Lost in all the commotion over the U.S. Supreme Court’s several decisions today is another important decision with ramifications for school choice. The Georgia Supreme Court unanimously ruled in Gaddy v. Georgia Department of Revenue that plaintiffs had no standing to challenge the state’s tax-credit scholarship program because the scholarship funds are private funds, not a government expenditure:

We also reject the assertion that plaintiffs have standing because these tax credits actually amount to unconstitutional expenditures of tax revenues or public funds. The statutes that govern the Program demonstrate that only private funds, and not public revenue, are used.

The program allows donors to receive tax credits in return for contributions to qualified nonprofit scholarship organizations that help families send their children to the schools of their choice. Plaintiffs asserted that the program violated Georgia’s Blaine Amendment, which prohibits the state from giving public funds to religious schools. However, as we explained in our amicus brief, no public funds are involved. “Taxpayers choose to donate voluntarily using their own private funds and receive a tax credit for the amount of the donation; no money ever enters or leaves the treasury.” Neither does the state direct where the funds are used. “The state exercises no control over which scholarship organizations donors choose to support, which students receive scholarships, or at which schools parents choose to use the scholarships.” The Georgia Supreme Court agreed:

Individuals and corporations chose the [scholarship organizations] to which they wish to direct contributions; these private [scholarship organizations] select the student recipients of the scholarships they award; and the students and their parents decide whether to use their scholarships at religious or other private schools. The State controls none of these decisions. Nor does it control the contributed funds or the educational entities that ultimately receive the funds.

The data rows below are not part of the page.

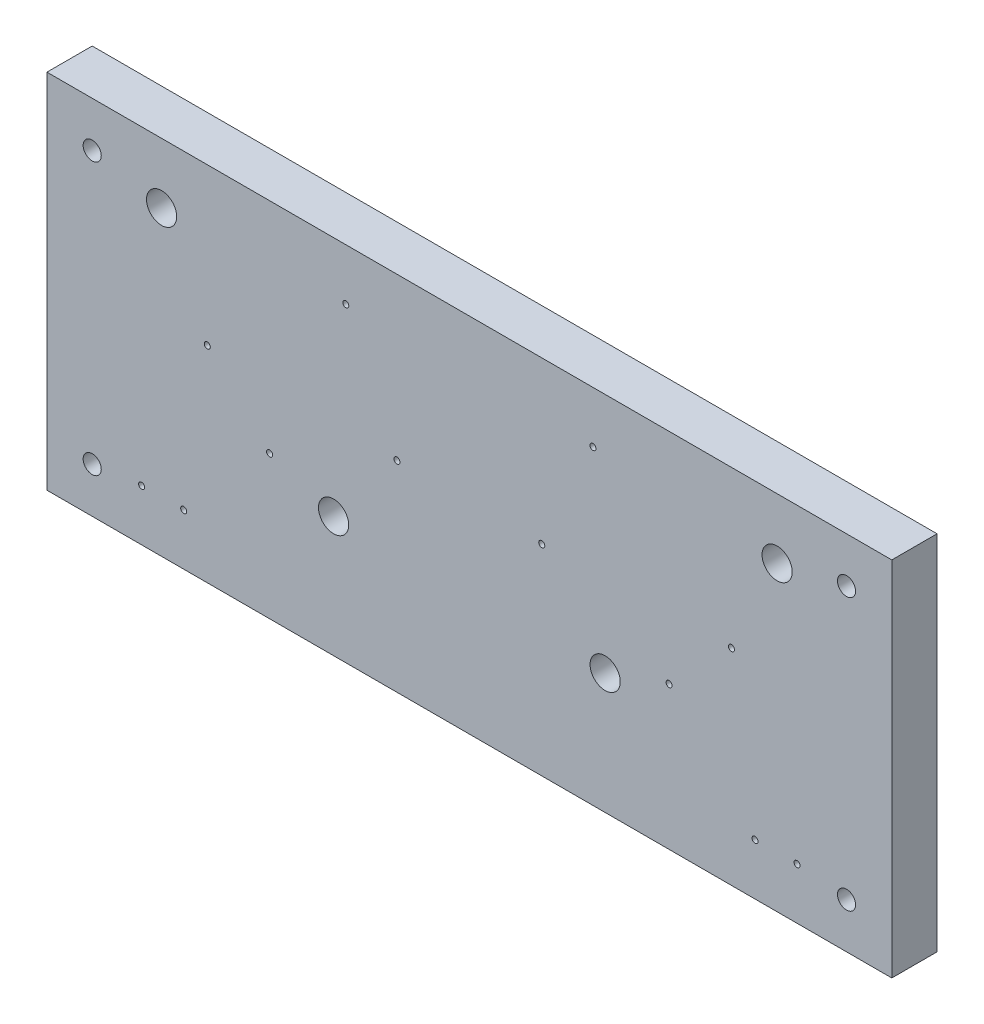
ISO-10303-21;
HEADER;
FILE_DESCRIPTION(('STEP AP214'),'2;1');
FILE_NAME('part.step','',(''),(''),'','','');
FILE_SCHEMA(('AUTOMOTIVE_DESIGN { 1 0 10303 214 1 1 1 1 }'));
ENDSEC;
DATA;
#1=APPLICATION_CONTEXT('core data for automotive mechanical design processes');
#2=APPLICATION_PROTOCOL_DEFINITION('international standard','automotive_design',2000,#1);
#3=PRODUCT_CONTEXT('',#1,'mechanical');
#4=PRODUCT('Part','Part','',(#3));
#5=PRODUCT_RELATED_PRODUCT_CATEGORY('part','',(#4));
#6=PRODUCT_DEFINITION_FORMATION('','',#4);
#7=PRODUCT_DEFINITION_CONTEXT('part definition',#1,'design');
#8=PRODUCT_DEFINITION('design','',#6,#7);
#9=PRODUCT_DEFINITION_SHAPE('','',#8);
#10=(LENGTH_UNIT() NAMED_UNIT(*) SI_UNIT(.MILLI.,.METRE.));
#11=(NAMED_UNIT(*) PLANE_ANGLE_UNIT() SI_UNIT($,.RADIAN.));
#12=(NAMED_UNIT(*) SI_UNIT($,.STERADIAN.) SOLID_ANGLE_UNIT());
#13=UNCERTAINTY_MEASURE_WITH_UNIT(LENGTH_MEASURE(1.E-05),#10,'distance_accuracy_value','');
#14=(GEOMETRIC_REPRESENTATION_CONTEXT(3) GLOBAL_UNCERTAINTY_ASSIGNED_CONTEXT((#13)) GLOBAL_UNIT_ASSIGNED_CONTEXT((#10,
#11,#12)) REPRESENTATION_CONTEXT('',''));
#15=CARTESIAN_POINT('',(0.,0.,0.));
#16=DIRECTION('',(0.,0.,1.));
#17=DIRECTION('',(1.,0.,0.));
#18=AXIS2_PLACEMENT_3D('',#15,#16,#17);
#19=CARTESIAN_POINT('',(0.,0.,15.));
#20=DIRECTION('',(0.,0.,-1.));
#21=DIRECTION('',(-1.,0.,0.));
#22=AXIS2_PLACEMENT_3D('',#19,#20,#21);
#23=PLANE('',#22);
#24=CARTESIAN_POINT('',(66.1972555919681,-12.5278266131575,15.));
#25=DIRECTION('',(0.,0.,1.));
#26=DIRECTION('',(1.,0.,0.));
#27=AXIS2_PLACEMENT_3D('',#24,#25,#26);
#28=CIRCLE('',#27,0.999999999999998);
#29=CARTESIAN_POINT('',(67.1972555919681,-12.5278266131575,15.));
#30=VERTEX_POINT('',#29);
#31=EDGE_CURVE('E261',#30,#30,#28,.T.);
#32=ORIENTED_EDGE('',*,*,#31,.F.);
#33=EDGE_LOOP('',(#32));
#34=FACE_BOUND('',#33,.T.);
#35=CARTESIAN_POINT('',(94.6633318787199,-43.,15.));
#36=DIRECTION('',(0.,0.,1.));
#37=DIRECTION('',(1.,0.,0.));
#38=AXIS2_PLACEMENT_3D('',#35,#36,#37);
#39=CIRCLE('',#38,0.999999999999998);
#40=CARTESIAN_POINT('',(95.6633318787199,-43.,15.));
#41=VERTEX_POINT('',#40);
#42=EDGE_CURVE('E260',#41,#41,#39,.T.);
#43=ORIENTED_EDGE('',*,*,#42,.F.);
#44=EDGE_LOOP('',(#43));
#45=FACE_BOUND('',#44,.T.);
#46=CARTESIAN_POINT('',(45.,-20.,15.));
#47=DIRECTION('',(0.,0.,1.));
#48=DIRECTION('',(1.,0.,0.));
#49=AXIS2_PLACEMENT_3D('',#46,#47,#48);
#50=CIRCLE('',#49,4.99999999999999);
#51=CARTESIAN_POINT('',(50.,-20.,15.));
#52=VERTEX_POINT('',#51);
#53=EDGE_CURVE('E280',#52,#52,#50,.F.);
#54=ORIENTED_EDGE('',*,*,#53,.T.);
#55=EDGE_LOOP('',(#54));
#56=FACE_BOUND('',#55,.T.);
#57=CARTESIAN_POINT('',(-102.,40.,15.));
#58=DIRECTION('',(0.,0.,1.));
#59=DIRECTION('',(1.,0.,0.));
#60=AXIS2_PLACEMENT_3D('',#57,#58,#59);
#61=CIRCLE('',#60,5.00000000000002);
#62=CARTESIAN_POINT('',(-97.,40.,15.));
#63=VERTEX_POINT('',#62);
#64=EDGE_CURVE('E274',#63,#63,#61,.T.);
#65=ORIENTED_EDGE('',*,*,#64,.F.);
#66=EDGE_LOOP('',(#65));
#67=FACE_BOUND('',#66,.T.);
#68=CARTESIAN_POINT('',(108.600249206091,-43.,15.));
#69=DIRECTION('',(0.,0.,-1.));
#70=DIRECTION('',(-1.,0.,0.));
#71=AXIS2_PLACEMENT_3D('',#68,#69,#70);
#72=CIRCLE('',#71,0.999999999999998);
#73=CARTESIAN_POINT('',(107.600249206091,-43.,15.));
#74=VERTEX_POINT('',#73);
#75=EDGE_CURVE('E264',#74,#74,#72,.T.);
#76=ORIENTED_EDGE('',*,*,#75,.T.);
#77=EDGE_LOOP('',(#76));
#78=FACE_BOUND('',#77,.T.);
#79=CARTESIAN_POINT('',(-23.9978729836266,6.52759051078482,15.));
#80=DIRECTION('',(0.,0.,1.));
#81=DIRECTION('',(1.,0.,0.));
#82=AXIS2_PLACEMENT_3D('',#79,#80,#81);
#83=CIRCLE('',#82,0.999999999999998);
#84=CARTESIAN_POINT('',(-22.9978729836266,6.52759051078482,15.));
#85=VERTEX_POINT('',#84);
#86=EDGE_CURVE('E496',#85,#85,#83,.T.);
#87=ORIENTED_EDGE('',*,*,#86,.F.);
#88=EDGE_LOOP('',(#87));
#89=FACE_BOUND('',#88,.T.);
#90=CARTESIAN_POINT('',(-86.860735425717,8.14261119141876,15.));
#91=DIRECTION('',(0.,0.,1.));
#92=DIRECTION('',(1.,0.,0.));
#93=AXIS2_PLACEMENT_3D('',#90,#91,#92);
#94=CIRCLE('',#93,0.999999999999998);
#95=CARTESIAN_POINT('',(-85.860735425717,8.14261119141876,15.));
#96=VERTEX_POINT('',#95);
#97=EDGE_CURVE('E500',#96,#96,#94,.T.);
#98=ORIENTED_EDGE('',*,*,#97,.F.);
#99=EDGE_LOOP('',(#98));
#100=FACE_BOUND('',#99,.T.);
#101=CARTESIAN_POINT('',(-108.606917327371,-43.,15.));
#102=DIRECTION('',(0.,0.,1.));
#103=DIRECTION('',(1.,0.,0.));
#104=AXIS2_PLACEMENT_3D('',#101,#102,#103);
#105=CIRCLE('',#104,0.999999999999998);
#106=CARTESIAN_POINT('',(-107.606917327371,-43.,15.));
#107=VERTEX_POINT('',#106);
#108=EDGE_CURVE('E504',#107,#107,#105,.T.);
#109=ORIENTED_EDGE('',*,*,#108,.F.);
#110=EDGE_LOOP('',(#109));
#111=FACE_BOUND('',#110,.T.);
#112=CARTESIAN_POINT('',(-124.999999999999,-45.,15.));
#113=DIRECTION('',(0.,0.,1.));
#114=DIRECTION('',(1.,0.,0.));
#115=AXIS2_PLACEMENT_3D('',#112,#113,#114);
#116=CIRCLE('',#115,3.00000000000001);
#117=CARTESIAN_POINT('',(-121.999999999999,-45.,15.));
#118=VERTEX_POINT('',#117);
#119=EDGE_CURVE('E160',#118,#118,#116,.T.);
#120=ORIENTED_EDGE('',*,*,#119,.F.);
#121=EDGE_LOOP('',(#120));
#122=FACE_BOUND('',#121,.T.);
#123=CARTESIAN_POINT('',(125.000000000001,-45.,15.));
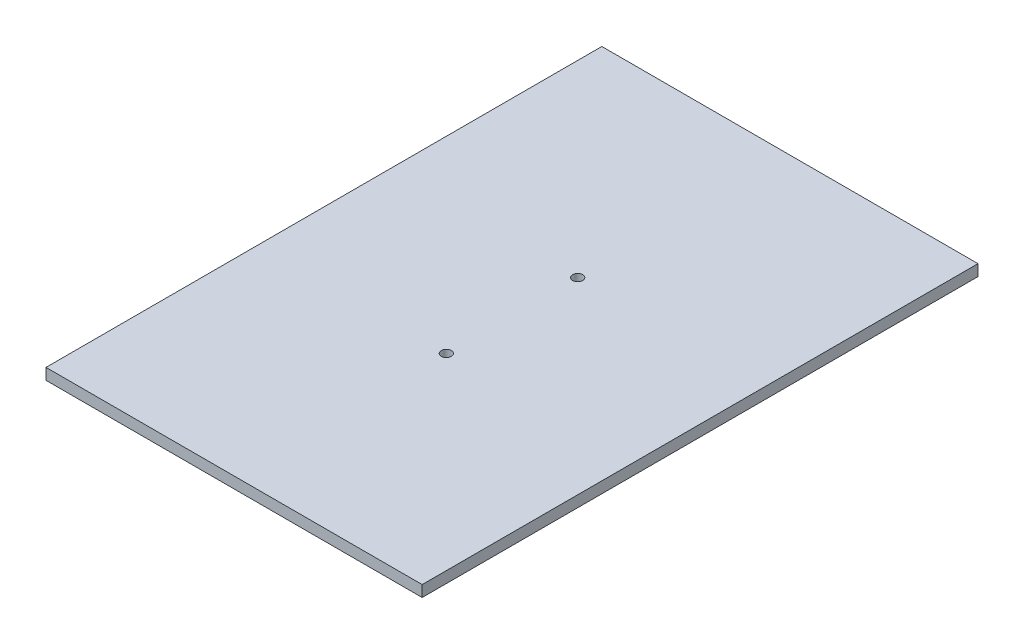
ISO-10303-21;
HEADER;
FILE_DESCRIPTION(('STEP AP214'),'2;1');
FILE_NAME('part.step','',(''),(''),'','','');
FILE_SCHEMA(('AUTOMOTIVE_DESIGN { 1 0 10303 214 1 1 1 1 }'));
ENDSEC;
DATA;
#1=APPLICATION_CONTEXT('core data for automotive mechanical design processes');
#2=APPLICATION_PROTOCOL_DEFINITION('international standard','automotive_design',2000,#1);
#3=PRODUCT_CONTEXT('',#1,'mechanical');
#4=PRODUCT('Part','Part','',(#3));
#5=PRODUCT_RELATED_PRODUCT_CATEGORY('part','',(#4));
#6=PRODUCT_DEFINITION_FORMATION('','',#4);
#7=PRODUCT_DEFINITION_CONTEXT('part definition',#1,'design');
#8=PRODUCT_DEFINITION('design','',#6,#7);
#9=PRODUCT_DEFINITION_SHAPE('','',#8);
#10=(LENGTH_UNIT() NAMED_UNIT(*) SI_UNIT(.MILLI.,.METRE.));
#11=(NAMED_UNIT(*) PLANE_ANGLE_UNIT() SI_UNIT($,.RADIAN.));
#12=(NAMED_UNIT(*) SI_UNIT($,.STERADIAN.) SOLID_ANGLE_UNIT());
#13=UNCERTAINTY_MEASURE_WITH_UNIT(LENGTH_MEASURE(1.E-05),#10,'distance_accuracy_value','');
#14=(GEOMETRIC_REPRESENTATION_CONTEXT(3) GLOBAL_UNCERTAINTY_ASSIGNED_CONTEXT((#13)) GLOBAL_UNIT_ASSIGNED_CONTEXT((#10,
#11,#12)) REPRESENTATION_CONTEXT('',''));
#15=CARTESIAN_POINT('',(0.,0.,0.));
#16=DIRECTION('',(0.,0.,1.));
#17=DIRECTION('',(1.,0.,0.));
#18=AXIS2_PLACEMENT_3D('',#15,#16,#17);
#19=CARTESIAN_POINT('',(167.499999999999,4.99999999999999,247.5));
#20=DIRECTION('',(-1.,0.,0.));
#21=DIRECTION('',(0.,-1.,0.));
#22=AXIS2_PLACEMENT_3D('',#19,#20,#21);
#23=PLANE('',#22);
#24=DIRECTION('',(0.,1.,0.));
#25=VECTOR('',#24,1.);
#26=CARTESIAN_POINT('',(167.499999999999,4.99999999999999,-247.5));
#27=LINE('',#26,#25);
#28=CARTESIAN_POINT('',(167.499999999999,-5.00000000000002,-247.5));
#29=VERTEX_POINT('',#28);
#30=CARTESIAN_POINT('',(167.499999999999,4.99999999999999,-247.5));
#31=VERTEX_POINT('',#30);
#32=EDGE_CURVE('E98',#29,#31,#27,.T.);
#33=ORIENTED_EDGE('',*,*,#32,.T.);
#34=DIRECTION('',(0.,0.,-1.));
#35=VECTOR('',#34,1.);
#36=CARTESIAN_POINT('',(167.499999999999,4.99999999999999,247.5));
#37=LINE('',#36,#35);
#38=CARTESIAN_POINT('',(167.499999999999,4.99999999999999,247.5));
#39=VERTEX_POINT('',#38);
#40=EDGE_CURVE('E11',#39,#31,#37,.T.);
#41=ORIENTED_EDGE('',*,*,#40,.F.);
#42=DIRECTION('',(0.,1.,0.));
#43=VECTOR('',#42,1.);
#44=CARTESIAN_POINT('',(167.499999999999,4.99999999999999,247.5));
#45=LINE('',#44,#43);
#46=CARTESIAN_POINT('',(167.499999999999,-5.00000000000002,247.5));
#47=VERTEX_POINT('',#46);
#48=EDGE_CURVE('E86',#47,#39,#45,.T.);
#49=ORIENTED_EDGE('',*,*,#48,.F.);
#50=DIRECTION('',(0.,0.,-1.));
#51=VECTOR('',#50,1.);
#52=CARTESIAN_POINT('',(167.499999999999,-5.00000000000002,247.5));
#53=LINE('',#52,#51);
#54=EDGE_CURVE('E94',#47,#29,#53,.T.);
#55=ORIENTED_EDGE('',*,*,#54,.T.);
#56=EDGE_LOOP('',(#33,#41,#49,#55));
#57=FACE_BOUND('',#56,.T.);
#58=ADVANCED_FACE('F35',(#57),#23,.F.);
#59=CARTESIAN_POINT('',(-167.500000000001,4.99999999999999,247.5));
#60=DIRECTION('',(0.,-1.,0.));
#61=DIRECTION('',(0.,0.,-1.));
#62=AXIS2_PLACEMENT_3D('',#59,#60,#61);
#63=PLANE('',#62);
#64=CARTESIAN_POINT('',(0.,4.99999999999999,-58.5));
#65=DIRECTION('',(0.,1.,0.));
#66=DIRECTION('',(0.,0.,1.));
#67=AXIS2_PLACEMENT_3D('',#64,#65,#66);
#68=CIRCLE('',#67,4.49999999999999);
#69=CARTESIAN_POINT('',(0.,4.99999999999999,-54.));
#70=VERTEX_POINT('',#69);
#71=EDGE_CURVE('E120',#70,#70,#68,.T.);
#72=ORIENTED_EDGE('',*,*,#71,.F.);
#73=EDGE_LOOP('',(#72));
#74=FACE_BOUND('',#73,.T.);
#75=CARTESIAN_POINT('',(0.,4.99999999999999,58.5));
#76=DIRECTION('',(0.,1.,0.));
#77=DIRECTION('',(0.,0.,1.));
#78=AXIS2_PLACEMENT_3D('',#75,#76,#77);
#79=CIRCLE('',#78,4.49999999999999);
#80=CARTESIAN_POINT('',(0.,4.99999999999999,63.));
#81=VERTEX_POINT('',#80);
#82=EDGE_CURVE('E114',#81,#81,#79,.T.);
#83=ORIENTED_EDGE('',*,*,#82,.F.);
#84=EDGE_LOOP('',(#83));
#85=FACE_BOUND('',#84,.T.);
#86=DIRECTION('',(-1.,0.,0.));
#87=VECTOR('',#86,1.);
#88=CARTESIAN_POINT('',(-167.500000000001,4.99999999999999,-247.5));
#89=LINE('',#88,#87);
#90=CARTESIAN_POINT('',(-167.500000000001,4.99999999999999,-247.5));
#91=VERTEX_POINT('',#90);
#92=EDGE_CURVE('E90',#31,#91,#89,.T.);
#93=ORIENTED_EDGE('',*,*,#92,.T.);
#94=DIRECTION('',(0.,0.,-1.));
#95=VECTOR('',#94,1.);
#96=CARTESIAN_POINT('',(-167.500000000001,4.99999999999999,247.5));
#97=LINE('',#96,#95);
#98=CARTESIAN_POINT('',(-167.500000000001,4.99999999999999,247.5));
#99=VERTEX_POINT('',#98);
#100=EDGE_CURVE('E43',#99,#91,#97,.T.);
#101=ORIENTED_EDGE('',*,*,#100,.F.);
#102=DIRECTION('',(-1.,0.,0.));
#103=VECTOR('',#102,1.);
#104=CARTESIAN_POINT('',(-167.500000000001,4.99999999999999,247.5));
#105=LINE('',#104,#103);
#106=EDGE_CURVE('E81',#39,#99,#105,.T.);
#107=ORIENTED_EDGE('',*,*,#106,.F.);
#108=ORIENTED_EDGE('',*,*,#40,.T.);
#109=EDGE_LOOP('',(#93,#101,#107,#108));
#110=FACE_BOUND('',#109,.T.);
#111=ADVANCED_FACE('F89',(#74,#85,#110),#63,.F.);
#112=CARTESIAN_POINT('',(-167.500000000001,4.99999999999999,247.5));
#113=DIRECTION('',(1.,0.,0.));
#114=DIRECTION('',(0.,0.,-1.));
#115=AXIS2_PLACEMENT_3D('',#112,#113,#114);
#116=PLANE('',#115);
#117=DIRECTION('',(0.,-1.,0.));
#118=VECTOR('',#117,1.);
#119=CARTESIAN_POINT('',(-167.500000000001,4.99999999999999,-247.5));
#120=LINE('',#119,#118);
#121=CARTESIAN_POINT('',(-167.500000000001,-5.00000000000002,-247.5));
#122=VERTEX_POINT('',#121);
#123=EDGE_CURVE('E68',#91,#122,#120,.T.);
#124=ORIENTED_EDGE('',*,*,#123,.T.);
#125=DIRECTION('',(0.,0.,-1.));
#126=VECTOR('',#125,1.);
#127=CARTESIAN_POINT('',(-167.500000000001,-5.00000000000002,247.5));
#128=LINE('',#127,#126);
#129=CARTESIAN_POINT('',(-167.500000000001,-5.00000000000002,247.5));
#130=VERTEX_POINT('',#129);
#131=EDGE_CURVE('E91',#130,#122,#128,.T.);
#132=ORIENTED_EDGE('',*,*,#131,.F.);
#133=DIRECTION('',(0.,-1.,0.));
#134=VECTOR('',#133,1.);
#135=CARTESIAN_POINT('',(-167.500000000001,4.99999999999999,247.5));
#136=LINE('',#135,#134);
#137=EDGE_CURVE('E84',#99,#130,#136,.T.);
#138=ORIENTED_EDGE('',*,*,#137,.F.);
#139=ORIENTED_EDGE('',*,*,#100,.T.);
#140=EDGE_LOOP('',(#124,#132,#138,#139));
#141=FACE_BOUND('',#140,.T.);
#142=ADVANCED_FACE('F92',(#141),#116,.F.);
#143=CARTESIAN_POINT('',(-167.500000000001,-5.00000000000002,247.5));
#144=DIRECTION('',(0.,1.,0.));
#145=DIRECTION('',(0.,0.,1.));
#146=AXIS2_PLACEMENT_3D('',#143,#144,#145);
#147=PLANE('',#146);
#148=CARTESIAN_POINT('',(0.,-5.00000000000002,-58.5));
#149=DIRECTION('',(0.,1.,0.));
#150=DIRECTION('',(0.,0.,1.));
#151=AXIS2_PLACEMENT_3D('',#148,#149,#150);
#152=CIRCLE('',#151,4.5);
#153=CARTESIAN_POINT('',(0.,-5.00000000000002,-54.));
#154=VERTEX_POINT('',#153);
#155=EDGE_CURVE('E117',#154,#154,#152,.T.);
#156=ORIENTED_EDGE('',*,*,#155,.T.);
#157=EDGE_LOOP('',(#156));
#158=FACE_BOUND('',#157,.T.);
#159=CARTESIAN_POINT('',(0.,-5.00000000000002,58.5));
#160=DIRECTION('',(0.,1.,0.));
#161=DIRECTION('',(0.,0.,1.));
#162=AXIS2_PLACEMENT_3D('',#159,#160,#161);
#163=CIRCLE('',#162,4.5);
#164=CARTESIAN_POINT('',(0.,-5.00000000000002,63.));
#165=VERTEX_POINT('',#164);
#166=EDGE_CURVE('E101',#165,#165,#163,.T.);
#167=ORIENTED_EDGE('',*,*,#166,.T.);
#168=EDGE_LOOP('',(#167));
#169=FACE_BOUND('',#168,.T.);
#170=DIRECTION('',(1.,0.,0.));
#171=VECTOR('',#170,1.);
#172=CARTESIAN_POINT('',(-167.500000000001,-5.00000000000002,-247.5));
#173=LINE('',#172,#171);
#174=EDGE_CURVE('E74',#122,#29,#173,.T.);
#175=ORIENTED_EDGE('',*,*,#174,.T.);
#176=ORIENTED_EDGE('',*,*,#54,.F.);
#177=DIRECTION('',(1.,0.,0.));
#178=VECTOR('',#177,1.);
#179=CARTESIAN_POINT('',(-167.500000000001,-5.00000000000002,247.5));
#180=LINE('',#179,#178);
#181=EDGE_CURVE('E51',#130,#47,#180,.T.);
#182=ORIENTED_EDGE('',*,*,#181,.F.);
#183=ORIENTED_EDGE('',*,*,#131,.T.);
#184=EDGE_LOOP('',(#175,#176,#182,#183));
#185=FACE_BOUND('',#184,.T.);
#186=ADVANCED_FACE('F106',(#158,#169,#185),#147,.F.);
#187=CARTESIAN_POINT('',(0.,0.,247.5));
#188=DIRECTION('',(0.,0.,1.));
#189=DIRECTION('',(1.,0.,0.));
#190=AXIS2_PLACEMENT_3D('',#187,#188,#189);
#191=PLANE('',#190);
#192=ORIENTED_EDGE('',*,*,#48,.T.);
#193=ORIENTED_EDGE('',*,*,#106,.T.);
#194=ORIENTED_EDGE('',*,*,#137,.T.);
#195=ORIENTED_EDGE('',*,*,#181,.T.);
#196=EDGE_LOOP('',(#192,#193,#194,#195));
#197=FACE_BOUND('',#196,.T.);
#198=ADVANCED_FACE('F82',(#197),#191,.T.);
#199=CARTESIAN_POINT('',(0.,0.,-247.5));
#200=DIRECTION('',(0.,0.,1.));
#201=DIRECTION('',(1.,0.,0.));
#202=AXIS2_PLACEMENT_3D('',#199,#200,#201);
#203=PLANE('',#202);
#204=ORIENTED_EDGE('',*,*,#32,.F.);
#205=ORIENTED_EDGE('',*,*,#174,.F.);
#206=ORIENTED_EDGE('',*,*,#123,.F.);
#207=ORIENTED_EDGE('',*,*,#92,.F.);
#208=EDGE_LOOP('',(#204,#205,#206,#207));
#209=FACE_BOUND('',#208,.T.);
#210=ADVANCED_FACE('F109',(#209),#203,.F.);
#211=CARTESIAN_POINT('',(0.,4.99999999999999,58.5));
#212=DIRECTION('',(0.,1.,0.));
#213=DIRECTION('',(0.,0.,1.));
#214=AXIS2_PLACEMENT_3D('',#211,#212,#213);
#215=CYLINDRICAL_SURFACE('',#214,4.49999999999999);
#216=ORIENTED_EDGE('',*,*,#166,.F.);
#217=EDGE_LOOP('',(#216));
#218=FACE_BOUND('',#217,.T.);
#219=ORIENTED_EDGE('',*,*,#82,.T.);
#220=EDGE_LOOP('',(#219));
#221=FACE_BOUND('',#220,.T.);
#222=ADVANCED_FACE('F130',(#218,#221),#215,.F.);
#223=CARTESIAN_POINT('',(0.,4.99999999999999,-58.5));
#224=DIRECTION('',(0.,1.,0.));
#225=DIRECTION('',(0.,0.,1.));
#226=AXIS2_PLACEMENT_3D('',#223,#224,#225);
#227=CYLINDRICAL_SURFACE('',#226,4.49999999999999);
#228=ORIENTED_EDGE('',*,*,#155,.F.);
#229=EDGE_LOOP('',(#228));
#230=FACE_BOUND('',#229,.T.);
#231=ORIENTED_EDGE('',*,*,#71,.T.);
#232=EDGE_LOOP('',(#231));
#233=FACE_BOUND('',#232,.T.);
#234=ADVANCED_FACE('F124',(#230,#233),#227,.F.);
#235=CLOSED_SHELL('',(#58,#111,#142,#186,#198,#210,#222,#234));
#236=MANIFOLD_SOLID_BREP('B2',#235);
#237=ADVANCED_BREP_SHAPE_REPRESENTATION('',(#18,#236),#14);
#238=SHAPE_DEFINITION_REPRESENTATION(#9,#237);
ENDSEC;
END-ISO-10303-21;

“Today’s victory has secured Georgia parents’ right to continue choosing the best education for their children,” stated Erica Smith, an attorney for the Institute for Justice, which represented scholarship parents in the Gaddy case. “This Court correctly recognized that government should promote educational opportunity and choice, not limit it as the plaintiffs proposed.” 

The decision should also have implications outside of the Peach State. More than 250,000 students are using tax-credit scholarships in 17 states, and more states are likely to adopt similar programs in the years to come. However, opponents of school choice have failed to persuade any high court to block the tax credits by adopting “tax expenditure analysis,” a method of accounting that treats tax credits, deductions, and exemptions as government expenditures. Indeed, the Georgia Supreme Court joins a unanimous chorus of decisions by the U.S. Supreme Court and numerous state supreme courts, including in Arizona and Alabama, holding that tax credits are not public funds. Additionally, the Florida Supreme Court declined to hear an appeal from a lower court decision that similarly ruled that “all funds received by private schools under the [Florida Tax Credit Scholarship Program] come from private, voluntary contributions” to scholarship organizations. Likewise, the Illinois Supreme Court declined to hear a challenge to a lower court decision that tax credits do not constitute public funds. Finally, the New Hampshire Supreme Court also unanimously rejected a challenge to its tax-credit scholarship program, though it did not explicitly rule on the question of public funding. No high court has ever ruled that tax-credit scholarships constitute government expenditures. 


The Institute for Justice also recently won a case against Montana’s Department of Revenue for unconstitutionally preventing families from using tax-credit scholarships at religious schools. Though the legislature had included no such limitation, the department claimed allowing families to use the scholarships at religious schools would violate the state’s Blaine Amendment. A trial court disagreed, holding that (you guessed it) private donations given in exchange for tax credits are not public expenditures.


No doubt opponents of educational choice will continue to devise creative arguments as to why the courts should halt choice programs, but it appears that the “tax expenditure” argument against tax-credit scholarship programs has run its course.